● **THE TASK**:
Only the lines below between the ones containing "#83=ORIENTED_EDGE('',*,*,#82,.T.);" and "#109=VECTOR('',#108,1.);", inclusive, are to be reproduced, each exactly as it stands.

━━━━━ TASK DATA ━━━━━

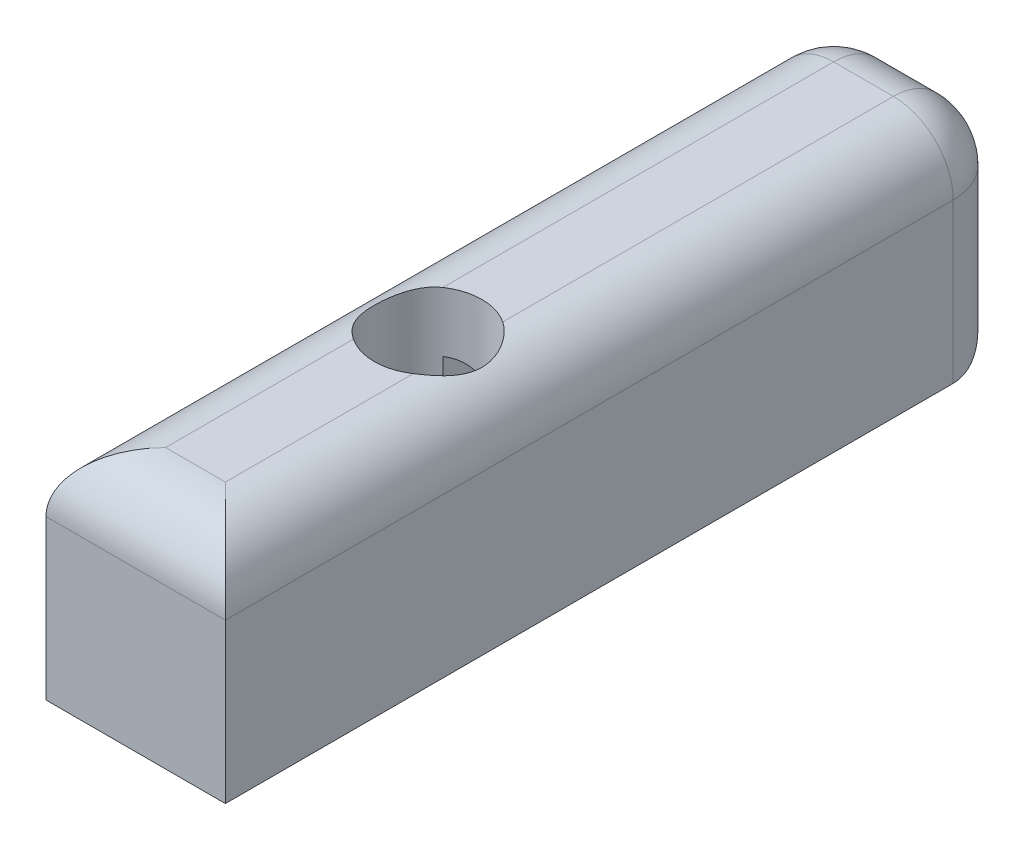
ISO-10303-21;
HEADER;
FILE_DESCRIPTION(('STEP AP214'),'2;1');
FILE_NAME('part.step','',(''),(''),'','','');
FILE_SCHEMA(('AUTOMOTIVE_DESIGN { 1 0 10303 214 1 1 1 1 }'));
ENDSEC;
DATA;
#1=APPLICATION_CONTEXT('core data for automotive mechanical design processes');
#2=APPLICATION_PROTOCOL_DEFINITION('international standard','automotive_design',2000,#1);
#3=PRODUCT_CONTEXT('',#1,'mechanical');
#4=PRODUCT('Part','Part','',(#3));
#5=PRODUCT_RELATED_PRODUCT_CATEGORY('part','',(#4));
#6=PRODUCT_DEFINITION_FORMATION('','',#4);
#7=PRODUCT_DEFINITION_CONTEXT('part definition',#1,'design');
#8=PRODUCT_DEFINITION('design','',#6,#7);
#9=PRODUCT_DEFINITION_SHAPE('','',#8);
#10=(LENGTH_UNIT() NAMED_UNIT(*) SI_UNIT(.MILLI.,.METRE.));
#11=(NAMED_UNIT(*) PLANE_ANGLE_UNIT() SI_UNIT($,.RADIAN.));
#12=(NAMED_UNIT(*) SI_UNIT($,.STERADIAN.) SOLID_ANGLE_UNIT());
#13=UNCERTAINTY_MEASURE_WITH_UNIT(LENGTH_MEASURE(1.E-05),#10,'distance_accuracy_value','');
#14=(GEOMETRIC_REPRESENTATION_CONTEXT(3) GLOBAL_UNCERTAINTY_ASSIGNED_CONTEXT((#13)) GLOBAL_UNIT_ASSIGNED_CONTEXT((#10,
#11,#12)) REPRESENTATION_CONTEXT('',''));
#15=CARTESIAN_POINT('',(0.,0.,0.));
#16=DIRECTION('',(0.,0.,1.));
#17=DIRECTION('',(1.,0.,0.));
#18=AXIS2_PLACEMENT_3D('',#15,#16,#17);
#19=CARTESIAN_POINT('',(30.,25.4386129135543,48.894996249429));
#20=DIRECTION('',(0.,-1.,0.));
#21=DIRECTION('',(0.,0.,-1.));
#22=AXIS2_PLACEMENT_3D('',#19,#20,#21);
#23=PLANE('',#22);
#24=DIRECTION('',(-1.,0.,0.));
#25=VECTOR('',#24,1.);
#26=CARTESIAN_POINT('',(30.,25.4386129135543,38.894996249429));
#27=LINE('',#26,#25);
#28=CARTESIAN_POINT('',(10.,25.4386129135543,38.894996249429));
#29=VERTEX_POINT('',#28);
#30=CARTESIAN_POINT('',(20.,25.4386129135543,38.894996249429));
#31=VERTEX_POINT('',#30);
#32=EDGE_CURVE('E226',#29,#31,#27,.F.);
#33=ORIENTED_EDGE('',*,*,#32,.T.);
#34=DIRECTION('',(0.,0.,1.));
#35=VECTOR('',#34,1.);
#36=CARTESIAN_POINT('',(20.,25.4386129135543,-82.8131468008347));
#37=LINE('',#36,#35);
#38=CARTESIAN_POINT('',(20.,25.4386129135543,7.48331477354788));
#39=VERTEX_POINT('',#38);
#40=EDGE_CURVE('E233',#31,#39,#37,.F.);
#41=ORIENTED_EDGE('',*,*,#40,.T.);
#42=CARTESIAN_POINT('',(15.,25.4386129135543,0.));
#43=DIRECTION('',(0.,1.,0.));
#44=DIRECTION('',(0.,0.,1.));
#45=AXIS2_PLACEMENT_3D('',#42,#43,#44);
#46=CIRCLE('',#45,9.);
#47=CARTESIAN_POINT('',(10.,25.4386129135543,7.48331477354788));
#48=VERTEX_POINT('',#47);
#49=EDGE_CURVE('E299',#48,#39,#46,.T.);
#50=ORIENTED_EDGE('',*,*,#49,.F.);
#51=DIRECTION('',(0.,0.,1.));
#52=VECTOR('',#51,1.);
#53=CARTESIAN_POINT('',(10.,25.4386129135543,48.894996249429));
#54=LINE('',#53,#52);
#55=EDGE_CURVE('E230',#48,#29,#54,.T.);
#56=ORIENTED_EDGE('',*,*,#55,.T.);
#57=EDGE_LOOP('',(#33,#41,#50,#56));
#58=FACE_BOUND('',#57,.T.);
#59=ADVANCED_FACE('F44',(#58),#23,.F.);
#60=CARTESIAN_POINT('',(30.,25.4386129135543,48.894996249429));
#61=DIRECTION('',(0.,0.,-1.));
#62=DIRECTION('',(-1.,0.,0.));
#63=AXIS2_PLACEMENT_3D('',#60,#61,#62);
#64=PLANE('',#63);
#65=DIRECTION('',(0.,-1.,0.));
#66=VECTOR('',#65,1.);
#67=CARTESIAN_POINT('',(30.,25.4386129135543,48.894996249429));
#68=LINE('',#67,#66);
#69=CARTESIAN_POINT('',(30.,15.4386129135543,48.894996249429));
#70=VERTEX_POINT('',#69);
#71=CARTESIAN_POINT('',(30.,-11.1225104080908,48.894996249429));
#72=VERTEX_POINT('',#71);
#73=EDGE_CURVE('E320',#70,#72,#68,.T.);
#74=ORIENTED_EDGE('',*,*,#73,.F.);
#75=DIRECTION('',(-1.,0.,0.));
#76=VECTOR('',#75,1.);
#77=CARTESIAN_POINT('',(30.,15.4386129135543,48.894996249429));
#78=LINE('',#77,#76);
#79=CARTESIAN_POINT('',(0.,15.4386129135543,48.894996249429));
#80=VERTEX_POINT('',#79);
#81=EDGE_CURVE('E419',#70,#80,#78,.T.);
#82=ORIENTED_EDGE('',*,*,#81,.T.);
#83=DIRECTION('',(0.,-1.,0.));
#84=VECTOR('',#83,1.);
#85=CARTESIAN_POINT('',(0.,25.4386129135543,48.894996249429));
#86=LINE('',#85,#84);
#87=CARTESIAN_POINT('',(0.,-11.1225104080908,48.894996249429));
#88=VERTEX_POINT('',#87);
#89=EDGE_CURVE('E316',#80,#88,#86,.T.);
#90=ORIENTED_EDGE('',*,*,#89,.T.);
#91=DIRECTION('',(-1.,0.,0.));
#92=VECTOR('',#91,1.);
#93=CARTESIAN_POINT('',(30.,-11.1225104080908,48.894996249429));
#94=LINE('',#93,#92);
#95=EDGE_CURVE('E215',#72,#88,#94,.T.);
#96=ORIENTED_EDGE('',*,*,#95,.F.);
#97=EDGE_LOOP('',(#74,#82,#90,#96));
#98=FACE_BOUND('',#97,.T.);
#99=ADVANCED_FACE('F375',(#98),#64,.F.);
#100=CARTESIAN_POINT('',(30.,-11.1225104080908,48.894996249429));
#101=DIRECTION('',(0.,1.,0.));
#102=DIRECTION('',(0.,0.,1.));
#103=AXIS2_PLACEMENT_3D('',#100,#101,#102);
#104=PLANE('',#103);
#105=CARTESIAN_POINT('',(15.,-11.1225104080908,0.));
#106=DIRECTION('',(0.,1.,0.));
#107=DIRECTION('',(0.,0.,1.));
#108=AXIS2_PLACEMENT_3D('',#105,#106,#107);
#109=CIRCLE('',#108,9.);
#110=CARTESIAN_POINT('',(15.,-11.1225104080908,9.));
#111=VERTEX_POINT('',#110);
#112=EDGE_CURVE('E310',#111,#111,#109,.T.);
#113=ORIENTED_EDGE('',*,*,#112,.T.);
#114=EDGE_LOOP('',(#113));
#115=FACE_BOUND('',#114,.T.);
#116=DIRECTION('',(0.,0.,-1.));
#117=VECTOR('',#116,1.);
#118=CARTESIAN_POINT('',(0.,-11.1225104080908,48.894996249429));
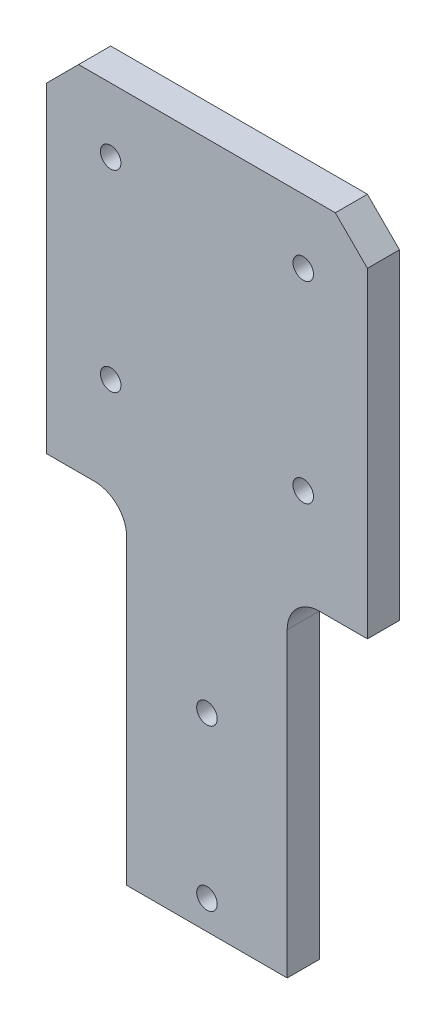
ISO-10303-21;
HEADER;
FILE_DESCRIPTION(('STEP AP214'),'2;1');
FILE_NAME('part.step','',(''),(''),'','','');
FILE_SCHEMA(('AUTOMOTIVE_DESIGN { 1 0 10303 214 1 1 1 1 }'));
ENDSEC;
DATA;
#1=APPLICATION_CONTEXT('core data for automotive mechanical design processes');
#2=APPLICATION_PROTOCOL_DEFINITION('international standard','automotive_design',2000,#1);
#3=PRODUCT_CONTEXT('',#1,'mechanical');
#4=PRODUCT('Part','Part','',(#3));
#5=PRODUCT_RELATED_PRODUCT_CATEGORY('part','',(#4));
#6=PRODUCT_DEFINITION_FORMATION('','',#4);
#7=PRODUCT_DEFINITION_CONTEXT('part definition',#1,'design');
#8=PRODUCT_DEFINITION('design','',#6,#7);
#9=PRODUCT_DEFINITION_SHAPE('','',#8);
#10=(LENGTH_UNIT() NAMED_UNIT(*) SI_UNIT(.MILLI.,.METRE.));
#11=(NAMED_UNIT(*) PLANE_ANGLE_UNIT() SI_UNIT($,.RADIAN.));
#12=(NAMED_UNIT(*) SI_UNIT($,.STERADIAN.) SOLID_ANGLE_UNIT());
#13=UNCERTAINTY_MEASURE_WITH_UNIT(LENGTH_MEASURE(1.E-05),#10,'distance_accuracy_value','');
#14=(GEOMETRIC_REPRESENTATION_CONTEXT(3) GLOBAL_UNCERTAINTY_ASSIGNED_CONTEXT((#13)) GLOBAL_UNIT_ASSIGNED_CONTEXT((#10,
#11,#12)) REPRESENTATION_CONTEXT('',''));
#15=CARTESIAN_POINT('',(0.,0.,0.));
#16=DIRECTION('',(0.,0.,1.));
#17=DIRECTION('',(1.,0.,0.));
#18=AXIS2_PLACEMENT_3D('',#15,#16,#17);
#19=CARTESIAN_POINT('',(0.,0.,5.));
#20=DIRECTION('',(0.,0.,1.));
#21=DIRECTION('',(1.,0.,0.));
#22=AXIS2_PLACEMENT_3D('',#19,#20,#21);
#23=PLANE('',#22);
#24=CARTESIAN_POINT('',(-15.,41.,5.));
#25=DIRECTION('',(0.,0.,1.));
#26=DIRECTION('',(1.,0.,0.));
#27=AXIS2_PLACEMENT_3D('',#24,#25,#26);
#28=CIRCLE('',#27,1.6);
#29=CARTESIAN_POINT('',(-13.4,41.,5.));
#30=VERTEX_POINT('',#29);
#31=EDGE_CURVE('E450',#30,#30,#28,.T.);
#32=ORIENTED_EDGE('',*,*,#31,.F.);
#33=EDGE_LOOP('',(#32));
#34=FACE_BOUND('',#33,.T.);
#35=CARTESIAN_POINT('',(-15.,71.,5.));
#36=DIRECTION('',(0.,0.,1.));
#37=DIRECTION('',(1.,0.,0.));
#38=AXIS2_PLACEMENT_3D('',#35,#36,#37);
#39=CIRCLE('',#38,1.6);
#40=CARTESIAN_POINT('',(-13.4,71.,5.));
#41=VERTEX_POINT('',#40);
#42=EDGE_CURVE('E438',#41,#41,#39,.T.);
#43=ORIENTED_EDGE('',*,*,#42,.F.);
#44=EDGE_LOOP('',(#43));
#45=FACE_BOUND('',#44,.T.);
#46=CARTESIAN_POINT('',(0.,3.5,5.));
#47=DIRECTION('',(0.,0.,1.));
#48=DIRECTION('',(1.,0.,0.));
#49=AXIS2_PLACEMENT_3D('',#46,#47,#48);
#50=CIRCLE('',#49,1.6);
#51=CARTESIAN_POINT('',(1.6,3.5,5.));
#52=VERTEX_POINT('',#51);
#53=EDGE_CURVE('E166',#52,#52,#50,.T.);
#54=ORIENTED_EDGE('',*,*,#53,.F.);
#55=EDGE_LOOP('',(#54));
#56=FACE_BOUND('',#55,.T.);
#57=DIRECTION('',(0.,1.,0.));
#58=VECTOR('',#57,1.);
#59=CARTESIAN_POINT('',(12.5,26.,5.));
#60=LINE('',#59,#58);
#61=CARTESIAN_POINT('',(12.5,-26.,5.));
#62=VERTEX_POINT('',#61);
#63=CARTESIAN_POINT('',(12.5,21.,5.));
#64=VERTEX_POINT('',#63);
#65=EDGE_CURVE('E131',#62,#64,#60,.T.);
#66=ORIENTED_EDGE('',*,*,#65,.T.);
#67=CARTESIAN_POINT('',(17.5,21.,5.));
#68=DIRECTION('',(0.,0.,1.));
#69=DIRECTION('',(1.,0.,0.));
#70=AXIS2_PLACEMENT_3D('',#67,#68,#69);
#71=CIRCLE('',#70,5.);
#72=CARTESIAN_POINT('',(17.5,26.,5.));
#73=VERTEX_POINT('',#72);
#74=EDGE_CURVE('E11',#64,#73,#71,.F.);
#75=ORIENTED_EDGE('',*,*,#74,.T.);
#76=DIRECTION('',(1.,0.,0.));
#77=VECTOR('',#76,1.);
#78=CARTESIAN_POINT('',(12.5,26.,5.));
#79=LINE('',#78,#77);
#80=CARTESIAN_POINT('',(25.,26.,5.));
#81=VERTEX_POINT('',#80);
#82=EDGE_CURVE('E121',#73,#81,#79,.T.);
#83=ORIENTED_EDGE('',*,*,#82,.T.);
#84=DIRECTION('',(0.,1.,0.));
#85=VECTOR('',#84,1.);
#86=CARTESIAN_POINT('',(25.,26.,5.));
#87=LINE('',#86,#85);
#88=CARTESIAN_POINT('',(25.,76.,5.));
#89=VERTEX_POINT('',#88);
#90=EDGE_CURVE('E125',#81,#89,#87,.T.);
#91=ORIENTED_EDGE('',*,*,#90,.T.);
#92=DIRECTION('',(-0.707106781186547,0.707106781186548,0.));
#93=VECTOR('',#92,1.);
#94=CARTESIAN_POINT('',(20.,81.,5.));
#95=LINE('',#94,#93);
#96=CARTESIAN_POINT('',(20.,81.,5.));
#97=VERTEX_POINT('',#96);
#98=EDGE_CURVE('E145',#89,#97,#95,.T.);
#99=ORIENTED_EDGE('',*,*,#98,.T.);
#100=DIRECTION('',(-1.,0.,0.));
#101=VECTOR('',#100,1.);
#102=CARTESIAN_POINT('',(-20.,81.,5.));
#103=LINE('',#102,#101);
#104=CARTESIAN_POINT('',(-20.,81.,5.));
#105=VERTEX_POINT('',#104);
#106=EDGE_CURVE('E147',#97,#105,#103,.T.);
#107=ORIENTED_EDGE('',*,*,#106,.T.);
#108=DIRECTION('',(-0.707106781186547,-0.707106781186548,0.));
#109=VECTOR('',#108,1.);
#110=CARTESIAN_POINT('',(-25.,76.,5.));
#111=LINE('',#110,#109);
#112=CARTESIAN_POINT('',(-25.,76.,5.));
#113=VERTEX_POINT('',#112);
#114=EDGE_CURVE('E152',#105,#113,#111,.T.);
#115=ORIENTED_EDGE('',*,*,#114,.T.);
#116=DIRECTION('',(0.,-1.,0.));
#117=VECTOR('',#116,1.);
#118=CARTESIAN_POINT('',(-25.,26.,5.));
#119=LINE('',#118,#117);
#120=CARTESIAN_POINT('',(-25.,26.,5.));
#121=VERTEX_POINT('',#120);
#122=EDGE_CURVE('E154',#113,#121,#119,.T.);
#123=ORIENTED_EDGE('',*,*,#122,.T.);
#124=DIRECTION('',(1.,0.,0.));
#125=VECTOR('',#124,1.);
#126=CARTESIAN_POINT('',(-25.,26.,5.));
#127=LINE('',#126,#125);
#128=CARTESIAN_POINT('',(-17.5,26.,5.));
#129=VERTEX_POINT('',#128);
#130=EDGE_CURVE('E156',#121,#129,#127,.T.);
#131=ORIENTED_EDGE('',*,*,#130,.T.);
#132=CARTESIAN_POINT('',(-17.5,21.,5.));
#133=DIRECTION('',(0.,0.,1.));
#134=DIRECTION('',(1.,0.,0.));
#135=AXIS2_PLACEMENT_3D('',#132,#133,#134);
#136=CIRCLE('',#135,5.);
#137=CARTESIAN_POINT('',(-12.5,21.,5.));
#138=VERTEX_POINT('',#137);
#139=EDGE_CURVE('E212',#129,#138,#136,.F.);
#140=ORIENTED_EDGE('',*,*,#139,.T.);
#141=DIRECTION('',(0.,-1.,0.));
#142=VECTOR('',#141,1.);
#143=CARTESIAN_POINT('',(-12.5,26.,5.));
#144=LINE('',#143,#142);
#145=CARTESIAN_POINT('',(-12.5,-26.,5.));
#146=VERTEX_POINT('',#145);
#147=EDGE_CURVE('E159',#138,#146,#144,.T.);
#148=ORIENTED_EDGE('',*,*,#147,.T.);
#149=DIRECTION('',(1.,0.,0.));
#150=VECTOR('',#149,1.);
#151=CARTESIAN_POINT('',(-12.5,-26.,5.));
#152=LINE('',#151,#150);
#153=EDGE_CURVE('E161',#146,#62,#152,.T.);
#154=ORIENTED_EDGE('',*,*,#153,.T.);
#155=EDGE_LOOP('',(#66,#75,#83,#91,#99,#107,#115,#123,#131,#140,#148,#154));
#156=FACE_BOUND('',#155,.T.);
#157=CARTESIAN_POINT('',(0.,-21.5,5.));
#158=DIRECTION('',(0.,0.,1.));
#159=DIRECTION('',(1.,0.,0.));
#160=AXIS2_PLACEMENT_3D('',#157,#158,#159);
#161=CIRCLE('',#160,1.6);
#162=CARTESIAN_POINT('',(1.6,-21.5,5.));
#163=VERTEX_POINT('',#162);
#164=EDGE_CURVE('E432',#163,#163,#161,.T.);
#165=ORIENTED_EDGE('',*,*,#164,.F.);
#166=EDGE_LOOP('',(#165));
#167=FACE_BOUND('',#166,.T.);
#168=CARTESIAN_POINT('',(15.,71.,5.));
#169=DIRECTION('',(0.,0.,1.));
#170=DIRECTION('',(1.,0.,0.));
#171=AXIS2_PLACEMENT_3D('',#168,#169,#170);
#172=CIRCLE('',#171,1.6);
#173=CARTESIAN_POINT('',(16.6,71.,5.));
#174=VERTEX_POINT('',#173);
#175=EDGE_CURVE('E444',#174,#174,#172,.T.);
#176=ORIENTED_EDGE('',*,*,#175,.F.);
#177=EDGE_LOOP('',(#176));
#178=FACE_BOUND('',#177,.T.);
#179=CARTESIAN_POINT('',(15.,41.,5.));
#180=DIRECTION('',(0.,0.,1.));
#181=DIRECTION('',(1.,0.,0.));
#182=AXIS2_PLACEMENT_3D('',#179,#180,#181);
#183=CIRCLE('',#182,1.6);
#184=CARTESIAN_POINT('',(16.6,41.,5.));
#185=VERTEX_POINT('',#184);
#186=EDGE_CURVE('E456',#185,#185,#183,.T.);
#187=ORIENTED_EDGE('',*,*,#186,.F.);
#188=EDGE_LOOP('',(#187));
#189=FACE_BOUND('',#188,.T.);
#190=ADVANCED_FACE('F33',(#34,#45,#56,#156,#167,#178,#189),#23,.T.);
#191=CARTESIAN_POINT('',(0.,0.,0.));
#192=DIRECTION('',(0.,0.,1.));
#193=DIRECTION('',(1.,0.,0.));
#194=AXIS2_PLACEMENT_3D('',#191,#192,#193);
#195=PLANE('',#194);
#196=DIRECTION('',(0.,1.,0.));
#197=VECTOR('',#196,1.);
#198=CARTESIAN_POINT('',(12.5,26.,0.));
#199=LINE('',#198,#197);
#200=CARTESIAN_POINT('',(12.5,-26.,0.));
#201=VERTEX_POINT('',#200);
#202=CARTESIAN_POINT('',(12.5,21.,0.));
#203=VERTEX_POINT('',#202);
#204=EDGE_CURVE('E164',#201,#203,#199,.T.);
#205=ORIENTED_EDGE('',*,*,#204,.F.);
#206=DIRECTION('',(1.,0.,0.));
#207=VECTOR('',#206,1.);
#208=CARTESIAN_POINT('',(-12.5,-26.,0.));
#209=LINE('',#208,#207);
#210=CARTESIAN_POINT('',(-12.5,-26.,0.));
#211=VERTEX_POINT('',#210);
#212=EDGE_CURVE('E183',#211,#201,#209,.T.);
#213=ORIENTED_EDGE('',*,*,#212,.F.);
#214=DIRECTION('',(0.,-1.,0.));
#215=VECTOR('',#214,1.);
#216=CARTESIAN_POINT('',(-12.5,26.,0.));
#217=LINE('',#216,#215);
#218=CARTESIAN_POINT('',(-12.5,21.,0.));
#219=VERTEX_POINT('',#218);
#220=EDGE_CURVE('E181',#219,#211,#217,.T.);
#221=ORIENTED_EDGE('',*,*,#220,.F.);
#222=CARTESIAN_POINT('',(-17.5,21.,0.));
#223=DIRECTION('',(0.,0.,1.));
#224=DIRECTION('',(1.,0.,0.));
#225=AXIS2_PLACEMENT_3D('',#222,#223,#224);
#226=CIRCLE('',#225,5.);
#227=CARTESIAN_POINT('',(-17.5,26.,0.));
#228=VERTEX_POINT('',#227);
#229=EDGE_CURVE('E210',#219,#228,#226,.T.);
#230=ORIENTED_EDGE('',*,*,#229,.T.);
#231=DIRECTION('',(1.,0.,0.));
#232=VECTOR('',#231,1.);
#233=CARTESIAN_POINT('',(-25.,26.,0.));
#234=LINE('',#233,#232);
#235=CARTESIAN_POINT('',(-25.,26.,0.));
#236=VERTEX_POINT('',#235);
#237=EDGE_CURVE('E178',#236,#228,#234,.T.);
#238=ORIENTED_EDGE('',*,*,#237,.F.);
#239=DIRECTION('',(0.,-1.,0.));
#240=VECTOR('',#239,1.);
#241=CARTESIAN_POINT('',(-25.,26.,0.));
#242=LINE('',#241,#240);
#243=CARTESIAN_POINT('',(-25.,76.,0.));
#244=VERTEX_POINT('',#243);
#245=EDGE_CURVE('E176',#244,#236,#242,.T.);
#246=ORIENTED_EDGE('',*,*,#245,.F.);
#247=DIRECTION('',(-0.707106781186547,-0.707106781186548,0.));
#248=VECTOR('',#247,1.);
#249=CARTESIAN_POINT('',(-25.,76.,0.));
#250=LINE('',#249,#248);
#251=CARTESIAN_POINT('',(-20.,81.,0.));
#252=VERTEX_POINT('',#251);
#253=EDGE_CURVE('E174',#252,#244,#250,.T.);
#254=ORIENTED_EDGE('',*,*,#253,.F.);
#255=DIRECTION('',(-1.,0.,0.));
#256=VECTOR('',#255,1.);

━━━━━

● **SOLVED EXERCISE**:
#83=ORIENTED_EDGE('',*,*,#82,.T.);
#84=DIRECTION('',(0.,1.,0.));
#85=VECTOR('',#84,1.);
#86=CARTESIAN_POINT('',(25.,26.,5.));
#87=LINE('',#86,#85);
#88=CARTESIAN_POINT('',(25.,76.,5.));
#89=VERTEX_POINT('',#88);
#90=EDGE_CURVE('E125',#81,#89,#87,.T.);
#91=ORIENTED_EDGE('',*,*,#90,.T.);
#92=DIRECTION('',(-0.707106781186547,0.707106781186548,0.));
#93=VECTOR('',#92,1.);
#94=CARTESIAN_POINT('',(20.,81.,5.));
#95=LINE('',#94,#93);
#96=CARTESIAN_POINT('',(20.,81.,5.));
#97=VERTEX_POINT('',#96);
#98=EDGE_CURVE('E145',#89,#97,#95,.T.);
#99=ORIENTED_EDGE('',*,*,#98,.T.);
#100=DIRECTION('',(-1.,0.,0.));
#101=VECTOR('',#100,1.);
#102=CARTESIAN_POINT('',(-20.,81.,5.));
#103=LINE('',#102,#101);
#104=CARTESIAN_POINT('',(-20.,81.,5.));
#105=VERTEX_POINT('',#104);
#106=EDGE_CURVE('E147',#97,#105,#103,.T.);
#107=ORIENTED_EDGE('',*,*,#106,.T.);
#108=DIRECTION('',(-0.707106781186547,-0.707106781186548,0.));
#109=VECTOR('',#108,1.);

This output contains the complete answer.